# ничто не важно/ничего не важно



## henrylee100

собственно вопрос в сабже
Как правильно сказать 
 "ничего не важно"
или
"ничто не важно"

 и есть ли на эту тему какое-нибудь правило


----------



## Maroseika

Правило тут одно - словарь. Словари утверждают, что в таком значении эти слова - синонимы, и с ними трудно не согласиться.

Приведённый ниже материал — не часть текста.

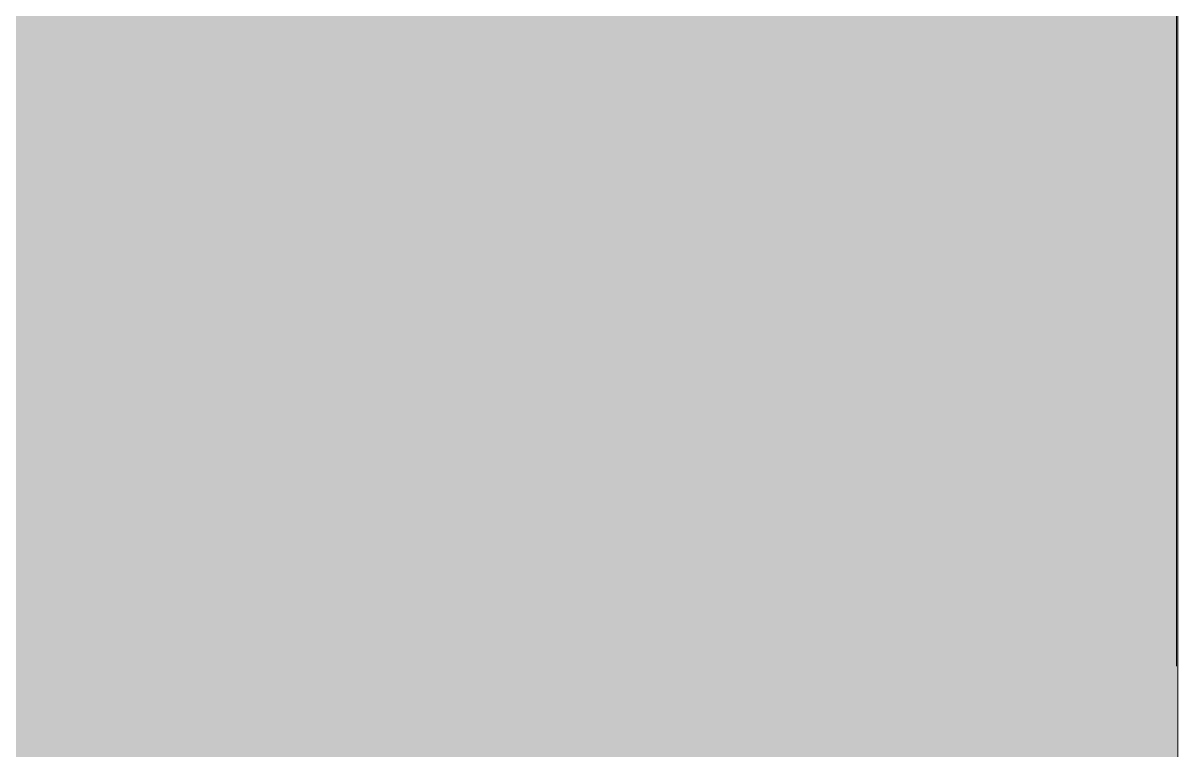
# Model space of a CAD drawing. Header units: millimetres. Extents: x -3817 to 677485, y -22715 to 103890.
# Drawn here: x -312.08 to -305.47, y -19565.9 to -19561.73 of the extents above; entities that cross this region are included whole.
import ezdxf

# ---------------------------------------------------------------- set-up
doc = ezdxf.new("R2010")
doc.units = ezdxf.units.MM
doc.layers.add('PDF _Геометрия', color=7, linetype='Continuous', true_color=0x1d1d1d)
doc.layers.add('PDF _Сплошная заливка', color=7, linetype='Continuous', true_color=0xffffff)

msp = doc.modelspace()

# ---------------------------------------------------------------- hatches: boundary and pattern name
at = {"layer": 'PDF _Сплошная заливка', "transparency": 33554559}
h = msp.add_hatch(color=256, dxfattribs=at)
h.paths.add_polyline_path([(-345.78, -19602.5344), (-305.4665, -19602.5344), (-305.4665, -19522.1436), (-321.3399, -19522.1436), (-321.4108, -19521.6416), (-332.749, -19521.6416), (-332.749, -19522.1436), (-348.7721, -19522.1436), (-348.7721, -19563.087), (-349.087, -19563.087), (-349.087, -19599.7688), (-345.78, -19599.7763), (-345.78, -19601.8635)], flags=0)
h.paths.add_polyline_path([(-332.3553, -19520.4054), (-321.3399, -19520.4054), (-321.4108, -19520.2539), (-332.749, -19520.2539), (-332.749, -19520.4054), (-332.434, -19520.4054)], flags=0)

# ---------------------------------------------------------------- linework, layer by layer
at = {"layer": 'PDF _Геометрия', "color": 253, "lineweight": 9, "true_color": 0xaaaaaa}
msp.add_lwpolyline([(-349.087, -19563.087), (-349.087, -19599.7688), (-345.78, -19599.7688), (-345.78, -19602.5344), (-318.0645, -19602.5344), (-305.4665, -19602.5344), (-305.4665, -19522.1436), (-321.3399, -19522.1436), (-321.3399, -19521.6416)], dxfattribs=at)
at = {"layer": 'PDF _Геометрия', "color": 7, "lineweight": 9}
for points in [[(-305.4743, -19561.6251), (-305.4743, -19561.7445), (-305.4743, -19561.8593), (-305.4743, -19561.9681), (-305.4743, -19562.0724), (-305.4743, -19562.1691), (-305.4743, -19562.2605), (-305.4743, -19562.349), (-305.4743, -19562.4369), (-305.4743, -19562.5268), (-305.4743, -19562.616), (-305.4743, -19562.7036), (-305.4743, -19562.7948), (-305.4743, -19562.8656), (-305.4743, -19562.9414), (-305.4743, -19563.0121), (-305.4743, -19563.0672), (-305.4743, -19563.0108), (-305.4743, -19562.9072), (-305.4743, -19561.9271), (-305.4743, -19561.7759), (-305.4743, -19561.611)], [(-305.4743, -19561.7316), (-305.4743, -19561.7321), (-305.4743, -19561.7326), (-305.4743, -19561.7331), (-305.4743, -19561.7336), (-305.4743, -19561.7341), (-305.4743, -19561.7346), (-305.4743, -19561.7351), (-305.4743, -19561.7356), (-305.4743, -19561.7361), (-305.4743, -19561.7367), (-305.4743, -19561.7372), (-305.4743, -19561.7377), (-305.4743, -19561.7382), (-305.4743, -19561.7387), (-305.4743, -19561.7392), (-305.4743, -19561.7397), (-305.4743, -19561.7402), (-305.4743, -19561.7407), (-305.4743, -19561.7412), (-305.4743, -19561.7417), (-305.4743, -19561.7423), (-305.4743, -19561.7428), (-305.4743, -19561.7433), (-305.4743, -19561.7438), (-305.4743, -19561.7443), (-305.4743, -19561.7448), (-305.4743, -19561.7453), (-305.4743, -19561.7458), (-305.4743, -19561.7463), (-305.4743, -19561.7468), (-305.4743, -19561.7473), (-305.4743, -19561.7478), (-305.4743, -19561.7484), (-305.4743, -19561.7489), (-305.4743, -19561.7494), (-305.4743, -19561.7499), (-305.4743, -19561.7504), (-305.4743, -19561.7509), (-305.4743, -19561.7514), (-305.4743, -19561.7519), (-305.4743, -19561.7524), (-305.4743, -19561.7528), (-305.4743, -19561.7534), (-305.4743, -19561.7539), (-305.4743, -19561.7544), (-305.4743, -19561.7549), (-305.4743, -19561.7554), (-305.4743, -19561.7559), (-305.4743, -19561.7564), (-305.4743, -19561.7569), (-305.4743, -19561.7574), (-305.4743, -19561.7579), (-305.4743, -19561.7584), (-305.4743, -19561.7589), (-305.4743, -19561.7595), (-305.4743, -19561.76), (-305.4743, -19561.7605), (-305.4743, -19561.7609), (-305.4743, -19561.7614), (-305.4743, -19561.7619), (-305.4743, -19561.7624), (-305.4743, -19561.7629), (-305.4743, -19561.7634), (-305.4743, -19561.764), (-305.4743, -19561.7645), (-305.4743, -19561.765), (-305.4743, -19561.7655), (-305.4743, -19561.766), (-305.4743, -19561.7665), (-305.4743, -19561.7669), (-305.4743, -19561.7674), (-305.4743, -19561.7679), (-305.4743, -19561.7684), (-305.4743, -19561.769), (-305.4743, -19561.7695), (-305.4743, -19561.77), (-305.4743, -19561.7705), (-305.4743, -19561.771), (-305.4743, -19561.7715), (-305.4743, -19561.7719), (-305.4743, -19561.7724), (-305.4743, -19561.7729), (-305.4743, -19561.7734), (-305.4743, -19561.774), (-305.4743, -19561.7745), (-305.4743, -19561.775), (-305.4743, -19561.7755), (-305.4743, -19561.7759), (-305.4743, -19561.7764), (-305.4743, -19561.7769), (-305.4743, -19561.7774), (-305.4743, -19561.7779), (-305.4743, -19561.7784), (-305.4743, -19561.779), (-305.4743, -19561.7795), (-305.4743, -19561.7799), (-305.4743, -19561.7804), (-305.4743, -19561.7809), (-305.4743, -19561.7814), (-305.4743, -19561.7819), (-305.4743, -19561.7824), (-305.4743, -19561.7829), (-305.4743, -19561.7834), (-305.4743, -19561.7839), (-305.4743, -19561.7844), (-305.4743, -19561.7849), (-305.4743, -19561.7854), (-305.4743, -19561.7859), (-305.4743, -19561.7863), (-305.4743, -19561.7868), (-305.4743, -19561.7873), (-305.4743, -19561.7879), (-305.4743, -19561.7884), (-305.4743, -19561.7889), (-305.4743, -19561.7893), (-305.4743, -19561.7898), (-305.4743, -19561.7903), (-305.4743, -19561.7908), (-305.4743, -19561.7913), (-305.4743, -19561.7918), (-305.4743, -19561.7923), (-305.4743, -19561.7928), (-305.4743, -19561.7933), (-305.4743, -19561.7938), (-305.4743, -19561.7943), (-305.4743, -19561.7948), (-305.4743, -19561.7952), (-305.4743, -19561.7957), (-305.4743, -19561.7962), (-305.4743, -19561.7968), (-305.4743, -19561.7973), (-305.4743, -19561.7977), (-305.4743, -19561.7982), (-305.4743, -19561.7987), (-305.4743, -19561.7992), (-305.4743, -19561.7997), (-305.4743, -19561.8001), (-305.4743, -19561.8007), (-305.4743, -19561.8012), (-305.4743, -19561.8017), (-305.4743, -19561.8022), (-305.4743, -19561.8026), (-305.4743, -19561.8031), (-305.4743, -19561.8036), (-305.4743, -19561.8041), (-305.4743, -19561.8046), (-305.4743, -19561.8051), (-305.4743, -19561.8056), (-305.4743, -19561.8061), (-305.4743, -19561.8066), (-305.4743, -19561.807), (-305.4743, -19561.8075), (-305.4743, -19561.808), (-305.4743, -19561.8085), (-305.4743, -19561.809), (-305.4743, -19561.8095), (-305.4743, -19561.81), (-305.4743, -19561.8105), (-305.4743, -19561.811), (-305.4743, -19561.8114), (-305.4743, -19561.8119), (-305.4743, -19561.8124), (-305.4743, -19561.8129), (-305.4743, -19561.8134), (-305.4743, -19561.8139), (-305.4743, -19561.8144), (-305.4743, -19561.8149), (-305.4743, -19561.8153), (-305.4743, -19561.8158), (-305.4743, -19561.8163), (-305.4743, -19561.8168), (-305.4743, -19561.8173), (-305.4743, -19561.8178), (-305.4743, -19561.8183), (-305.4743, -19561.8188), (-305.4743, -19561.8192), (-305.4743, -19561.8197), (-305.4743, -19561.8202), (-305.4743, -19561.8207), (-305.4743, -19561.8212), (-305.4743, -19561.8217), (-305.4743, -19561.8222), (-305.4743, -19561.8226), (-305.4743, -19561.8231), (-305.4743, -19561.8236), (-305.4743, -19561.8241), (-305.4743, -19561.8246), (-305.4743, -19561.8251), (-305.4743, -19561.8256), (-305.4743, -19561.8261), (-305.4743, -19561.8265), (-305.4743, -19561.827), (-305.4743, -19561.8275), (-305.4743, -19561.828), (-305.4743, -19561.8285), (-305.4743, -19561.829), (-305.4743, -19561.8295), (-305.4743, -19561.8299), (-305.4743, -19561.8304), (-305.4743, -19561.8309), (-305.4743, -19561.8313), (-305.4743, -19561.8319), (-305.4743, -19561.8324), (-305.4743, -19561.8328), (-305.4743, -19561.8333), (-305.4743, -19561.8338), (-305.4743, -19561.8343), (-305.4743, -19561.8347), (-305.4743, -19561.8352), (-305.4743, -19561.8358), (-305.4743, -19561.8362), (-305.4743, -19561.8367), (-305.4743, -19561.8372), (-305.4743, -19561.8376), (-305.4743, -19561.8381), (-305.4743, -19561.8386), (-305.4743, -19561.8391), (-305.4743, -19561.8396), (-305.4743, -19561.8401), (-305.4743, -19561.8406), (-305.4743, -19561.841), (-305.4743, -19561.8415), (-305.4743, -19561.842), (-305.4743, -19561.8424), (-305.4743, -19561.843), (-305.4743, -19561.8435), (-305.4743, -19561.8439), (-305.4743, -19561.8444), (-305.4743, -19561.8449), (-305.4743, -19561.8453), (-305.4743, -19561.8458), (-305.4743, -19561.8463), (-305.4743, -19561.8468), (-305.4743, -19561.8473), (-305.4743, -19561.8478), (-305.4743, -19561.8482), (-305.4743, -19561.8487), (-305.4743, -19561.8492), (-305.4743, -19561.8497), (-305.4743, -19561.8502), (-305.4743, -19561.8507), (-305.4743, -19561.8511), (-305.4743, -19561.8516), (-305.4743, -19561.8521), (-305.4743, -19561.8525), (-305.4743, -19561.853), (-305.4743, -19561.8535), (-305.4743, -19561.854), (-305.4743, -19561.8545), (-305.4743, -19561.8549), (-305.4743, -19561.8554), (-305.4743, -19561.8559), (-305.4743, -19561.8564), (-305.4743, -19561.8569), (-305.4743, -19561.8574), (-305.4743, -19561.8578), (-305.4743, -19561.8583), (-305.4743, -19561.8588), (-305.4743, -19561.8592), (-305.4743, -19561.8597), (-305.4743, -19561.8602), (-305.4743, -19561.8607), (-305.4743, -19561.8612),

Зато совершенно точно есть правила орфографии и пунктуации, которые носителю языка было бы неплохо соблюдать на форуме, которые читают изучающие русский язык.


----------



## henrylee100

думаю, изучающим Русский язык время от времени полезно сталкиваться с тем как на этом языке пишут не пуристы, а реальные носители


----------



## Maroseika

henrylee100 said:


> думаю, изучающим Русский язык время от времени полезно сталкиваться с тем как на этом языке пишут не пуристы, а реальные носители


Мне кажется, на стадии изучения языка лучше ориентироваться не на безграмотное быдло. Кроме того, писать грамотно значит проявлять элементарное уважение к читателю. Орфография и пунктуация придуманы не из занудства, а для облегчения восприятия письменного текста. Понятно, что для вас не составило бы ни малейшего труда писать грамотно, так что это всего лишь вопрос некоторых усилий, благодаря которым ваш текст стал бы восприниматься лучше.


----------



## henrylee100

Знаете, есть такой анекдот/байка/шутка:
Задаешь вопрос в Англо-Американском форуме и тебе на него отвечают.
Задаешь вопрос в Израильском форуме, и тебе на него отвечают вопросом.
Задаешь вопрос в Российском форуме, и тебе долго и больно начинают объяснять какое ты дерьмо и безграмотное быдло.

Вы конечно на мой вопрос ответили, за что спасибо.
 Но я был бы вам еще более признателен, если-бы вы свои нравоучения по поводу чистоты Русского языка и важности правил орфографии и пунктуации оставили при себе.
 Я конечно понимаю, что Русскому человеку понятие diversity чуждо, но уверяю вас, когда воспринимаешь людей такими, какие они есть, жить становится намного проще. Тем более, когда речь идет о языке. Язык - это в том числе средство самовыражения. Мои ошибки - это символ моей индивидуальности и моей веры в личную свободы (опять надо оговорится, что я понимаю, насколько чуждо и неприятно понятие личной свободы Русскому человеку - понимаю и искренне сочувствую).


----------



## Maroseika

henrylee100 said:


> Мои ошибки - это символ моей индивидуальности


OK.


----------



## Angelo di fuoco

henrylee100 said:


> собственно вопрос в сабже
> Как правильно сказать
> "ничего не важно"
> или
> "ничто не важно"
> 
> и есть ли на эту тему какое-нибудь правило



В грамотной речи - "ничто не важно", т. к. "ничто" - подлежащее и должно поэтому быть в именительном падеже.
Однако в русском языке отрицание тесно связано с использованием родительного падежа, поэтому в повседневной речи очень часто можно услышать "ничего" или даже "ничо".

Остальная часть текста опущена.